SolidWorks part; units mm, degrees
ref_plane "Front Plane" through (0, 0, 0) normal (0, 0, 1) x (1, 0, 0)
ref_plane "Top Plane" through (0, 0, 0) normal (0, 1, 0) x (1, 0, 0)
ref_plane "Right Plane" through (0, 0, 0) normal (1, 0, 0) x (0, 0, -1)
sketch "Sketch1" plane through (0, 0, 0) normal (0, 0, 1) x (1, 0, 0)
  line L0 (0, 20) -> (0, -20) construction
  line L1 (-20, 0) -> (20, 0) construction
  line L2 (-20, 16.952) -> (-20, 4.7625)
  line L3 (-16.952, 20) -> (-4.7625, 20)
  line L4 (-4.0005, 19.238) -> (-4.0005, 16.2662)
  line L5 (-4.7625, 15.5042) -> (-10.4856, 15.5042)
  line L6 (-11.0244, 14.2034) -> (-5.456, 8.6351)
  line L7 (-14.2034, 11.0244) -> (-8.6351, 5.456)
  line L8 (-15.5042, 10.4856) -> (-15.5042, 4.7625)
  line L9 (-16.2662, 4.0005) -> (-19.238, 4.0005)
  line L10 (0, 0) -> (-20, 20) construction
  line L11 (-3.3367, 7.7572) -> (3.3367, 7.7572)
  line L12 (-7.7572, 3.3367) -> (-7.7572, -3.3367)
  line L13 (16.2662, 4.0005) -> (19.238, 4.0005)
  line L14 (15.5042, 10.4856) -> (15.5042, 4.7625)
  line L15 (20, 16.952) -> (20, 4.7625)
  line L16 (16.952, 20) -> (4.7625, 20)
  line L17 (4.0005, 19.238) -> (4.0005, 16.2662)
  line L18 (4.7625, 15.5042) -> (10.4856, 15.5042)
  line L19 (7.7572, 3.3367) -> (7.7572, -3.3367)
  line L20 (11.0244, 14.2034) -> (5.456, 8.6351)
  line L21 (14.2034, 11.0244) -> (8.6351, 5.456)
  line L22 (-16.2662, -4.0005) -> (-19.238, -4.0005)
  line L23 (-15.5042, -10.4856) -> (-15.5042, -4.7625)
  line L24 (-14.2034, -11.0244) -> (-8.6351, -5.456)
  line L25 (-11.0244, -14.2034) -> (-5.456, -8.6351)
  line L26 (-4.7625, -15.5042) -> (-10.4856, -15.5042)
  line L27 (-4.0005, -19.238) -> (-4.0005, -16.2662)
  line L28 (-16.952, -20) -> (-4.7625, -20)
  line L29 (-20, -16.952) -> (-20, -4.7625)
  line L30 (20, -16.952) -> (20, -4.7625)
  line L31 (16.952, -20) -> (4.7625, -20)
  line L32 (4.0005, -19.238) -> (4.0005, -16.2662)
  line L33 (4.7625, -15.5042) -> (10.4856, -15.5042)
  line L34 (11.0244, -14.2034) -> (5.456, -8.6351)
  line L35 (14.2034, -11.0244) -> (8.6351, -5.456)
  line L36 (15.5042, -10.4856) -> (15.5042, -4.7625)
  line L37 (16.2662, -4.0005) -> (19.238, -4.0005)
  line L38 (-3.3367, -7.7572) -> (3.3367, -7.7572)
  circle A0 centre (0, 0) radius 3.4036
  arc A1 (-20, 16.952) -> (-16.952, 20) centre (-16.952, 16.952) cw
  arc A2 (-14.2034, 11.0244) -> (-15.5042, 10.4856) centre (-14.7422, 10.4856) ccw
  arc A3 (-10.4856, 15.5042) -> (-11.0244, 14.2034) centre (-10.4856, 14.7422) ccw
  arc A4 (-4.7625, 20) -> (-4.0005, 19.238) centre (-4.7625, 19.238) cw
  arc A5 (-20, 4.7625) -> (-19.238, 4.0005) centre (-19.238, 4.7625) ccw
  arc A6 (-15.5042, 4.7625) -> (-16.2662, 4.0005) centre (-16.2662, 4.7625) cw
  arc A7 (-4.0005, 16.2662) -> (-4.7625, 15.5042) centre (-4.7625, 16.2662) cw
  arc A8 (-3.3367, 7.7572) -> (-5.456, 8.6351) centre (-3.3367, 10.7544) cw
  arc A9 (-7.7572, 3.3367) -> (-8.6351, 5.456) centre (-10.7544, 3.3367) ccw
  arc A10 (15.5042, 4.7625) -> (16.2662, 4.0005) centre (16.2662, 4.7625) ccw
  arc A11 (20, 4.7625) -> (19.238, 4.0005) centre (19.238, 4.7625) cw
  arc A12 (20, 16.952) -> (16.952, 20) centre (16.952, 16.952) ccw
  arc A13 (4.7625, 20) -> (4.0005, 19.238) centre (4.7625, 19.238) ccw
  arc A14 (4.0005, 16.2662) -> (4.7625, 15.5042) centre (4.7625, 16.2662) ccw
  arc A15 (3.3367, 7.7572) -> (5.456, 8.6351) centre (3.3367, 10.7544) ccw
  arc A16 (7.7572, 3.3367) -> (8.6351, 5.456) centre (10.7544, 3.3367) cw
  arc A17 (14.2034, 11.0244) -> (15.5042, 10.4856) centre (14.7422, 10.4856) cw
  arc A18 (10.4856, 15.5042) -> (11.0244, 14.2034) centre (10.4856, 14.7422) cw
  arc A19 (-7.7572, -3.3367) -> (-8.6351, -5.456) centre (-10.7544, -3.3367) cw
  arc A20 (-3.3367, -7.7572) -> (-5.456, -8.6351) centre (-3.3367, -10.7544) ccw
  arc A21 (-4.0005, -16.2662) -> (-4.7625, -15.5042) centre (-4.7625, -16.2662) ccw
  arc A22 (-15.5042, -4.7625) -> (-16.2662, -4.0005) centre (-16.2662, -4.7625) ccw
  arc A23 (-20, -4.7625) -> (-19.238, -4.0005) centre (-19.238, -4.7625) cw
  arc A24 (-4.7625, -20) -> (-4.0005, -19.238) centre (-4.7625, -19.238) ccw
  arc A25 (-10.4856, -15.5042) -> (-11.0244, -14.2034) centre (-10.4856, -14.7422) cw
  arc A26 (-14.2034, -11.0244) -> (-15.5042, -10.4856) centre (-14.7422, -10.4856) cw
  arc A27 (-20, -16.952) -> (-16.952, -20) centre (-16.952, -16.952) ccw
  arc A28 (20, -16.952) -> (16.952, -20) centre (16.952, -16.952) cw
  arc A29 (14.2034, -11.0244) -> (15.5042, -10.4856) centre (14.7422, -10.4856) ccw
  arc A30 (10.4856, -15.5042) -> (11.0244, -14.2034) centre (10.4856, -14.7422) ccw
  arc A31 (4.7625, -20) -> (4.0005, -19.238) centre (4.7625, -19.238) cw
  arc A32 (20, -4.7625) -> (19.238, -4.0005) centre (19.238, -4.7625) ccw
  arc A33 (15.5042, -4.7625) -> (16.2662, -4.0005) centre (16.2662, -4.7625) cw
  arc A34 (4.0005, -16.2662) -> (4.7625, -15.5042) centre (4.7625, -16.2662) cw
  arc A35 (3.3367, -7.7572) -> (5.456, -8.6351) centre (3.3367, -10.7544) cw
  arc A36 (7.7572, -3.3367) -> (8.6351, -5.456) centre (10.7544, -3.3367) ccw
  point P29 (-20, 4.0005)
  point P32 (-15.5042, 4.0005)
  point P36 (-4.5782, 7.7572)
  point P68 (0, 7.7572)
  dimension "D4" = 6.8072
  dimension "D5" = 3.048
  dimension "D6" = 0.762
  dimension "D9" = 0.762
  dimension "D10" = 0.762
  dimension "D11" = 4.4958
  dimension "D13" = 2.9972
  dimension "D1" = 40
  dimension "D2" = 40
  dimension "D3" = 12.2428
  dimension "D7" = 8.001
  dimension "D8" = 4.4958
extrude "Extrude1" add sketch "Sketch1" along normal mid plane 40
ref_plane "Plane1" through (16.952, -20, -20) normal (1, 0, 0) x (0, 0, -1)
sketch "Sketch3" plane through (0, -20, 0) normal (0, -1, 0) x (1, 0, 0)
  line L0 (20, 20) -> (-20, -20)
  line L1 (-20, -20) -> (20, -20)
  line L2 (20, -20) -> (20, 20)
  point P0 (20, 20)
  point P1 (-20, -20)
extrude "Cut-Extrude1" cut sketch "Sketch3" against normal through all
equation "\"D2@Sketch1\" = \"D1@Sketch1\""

:: Your objective ::
The required output is every line above from the one with "line L29 (-20, -16.952) -> (-20, -4.7625)" down to the one with "arc A15 (3.3367, 7.7572)", restated word for word, ends included.

:: Your solution ::
  line L29 (-20, -16.952) -> (-20, -4.7625)
  line L30 (20, -16.952) -> (20, -4.7625)
  line L31 (16.952, -20) -> (4.7625, -20)
  line L32 (4.0005, -19.238) -> (4.0005, -16.2662)
  line L33 (4.7625, -15.5042) -> (10.4856, -15.5042)
  line L34 (11.0244, -14.2034) -> (5.456, -8.6351)
  line L35 (14.2034, -11.0244) -> (8.6351, -5.456)
  line L36 (15.5042, -10.4856) -> (15.5042, -4.7625)
  line L37 (16.2662, -4.0005) -> (19.238, -4.0005)
  line L38 (-3.3367, -7.7572) -> (3.3367, -7.7572)
  circle A0 centre (0, 0) radius 3.4036
  arc A1 (-20, 16.952) -> (-16.952, 20) centre (-16.952, 16.952) cw
  arc A2 (-14.2034, 11.0244) -> (-15.5042, 10.4856) centre (-14.7422, 10.4856) ccw
  arc A3 (-10.4856, 15.5042) -> (-11.0244, 14.2034) centre (-10.4856, 14.7422) ccw
  arc A4 (-4.7625, 20) -> (-4.0005, 19.238) centre (-4.7625, 19.238) cw
  arc A5 (-20, 4.7625) -> (-19.238, 4.0005) centre (-19.238, 4.7625) ccw
  arc A6 (-15.5042, 4.7625) -> (-16.2662, 4.0005) centre (-16.2662, 4.7625) cw
  arc A7 (-4.0005, 16.2662) -> (-4.7625, 15.5042) centre (-4.7625, 16.2662) cw
  arc A8 (-3.3367, 7.7572) -> (-5.456, 8.6351) centre (-3.3367, 10.7544) cw
  arc A9 (-7.7572, 3.3367) -> (-8.6351, 5.456) centre (-10.7544, 3.3367) ccw
  arc A10 (15.5042, 4.7625) -> (16.2662, 4.0005) centre (16.2662, 4.7625) ccw
  arc A11 (20, 4.7625) -> (19.238, 4.0005) centre (19.238, 4.7625) cw
  arc A12 (20, 16.952) -> (16.952, 20) centre (16.952, 16.952) ccw
  arc A13 (4.7625, 20) -> (4.0005, 19.238) centre (4.7625, 19.238) ccw
  arc A14 (4.0005, 16.2662) -> (4.7625, 15.5042) centre (4.7625, 16.2662) ccw
  arc A15 (3.3367, 7.7572) -> (5.456, 8.6351) centre (3.3367, 10.7544) ccw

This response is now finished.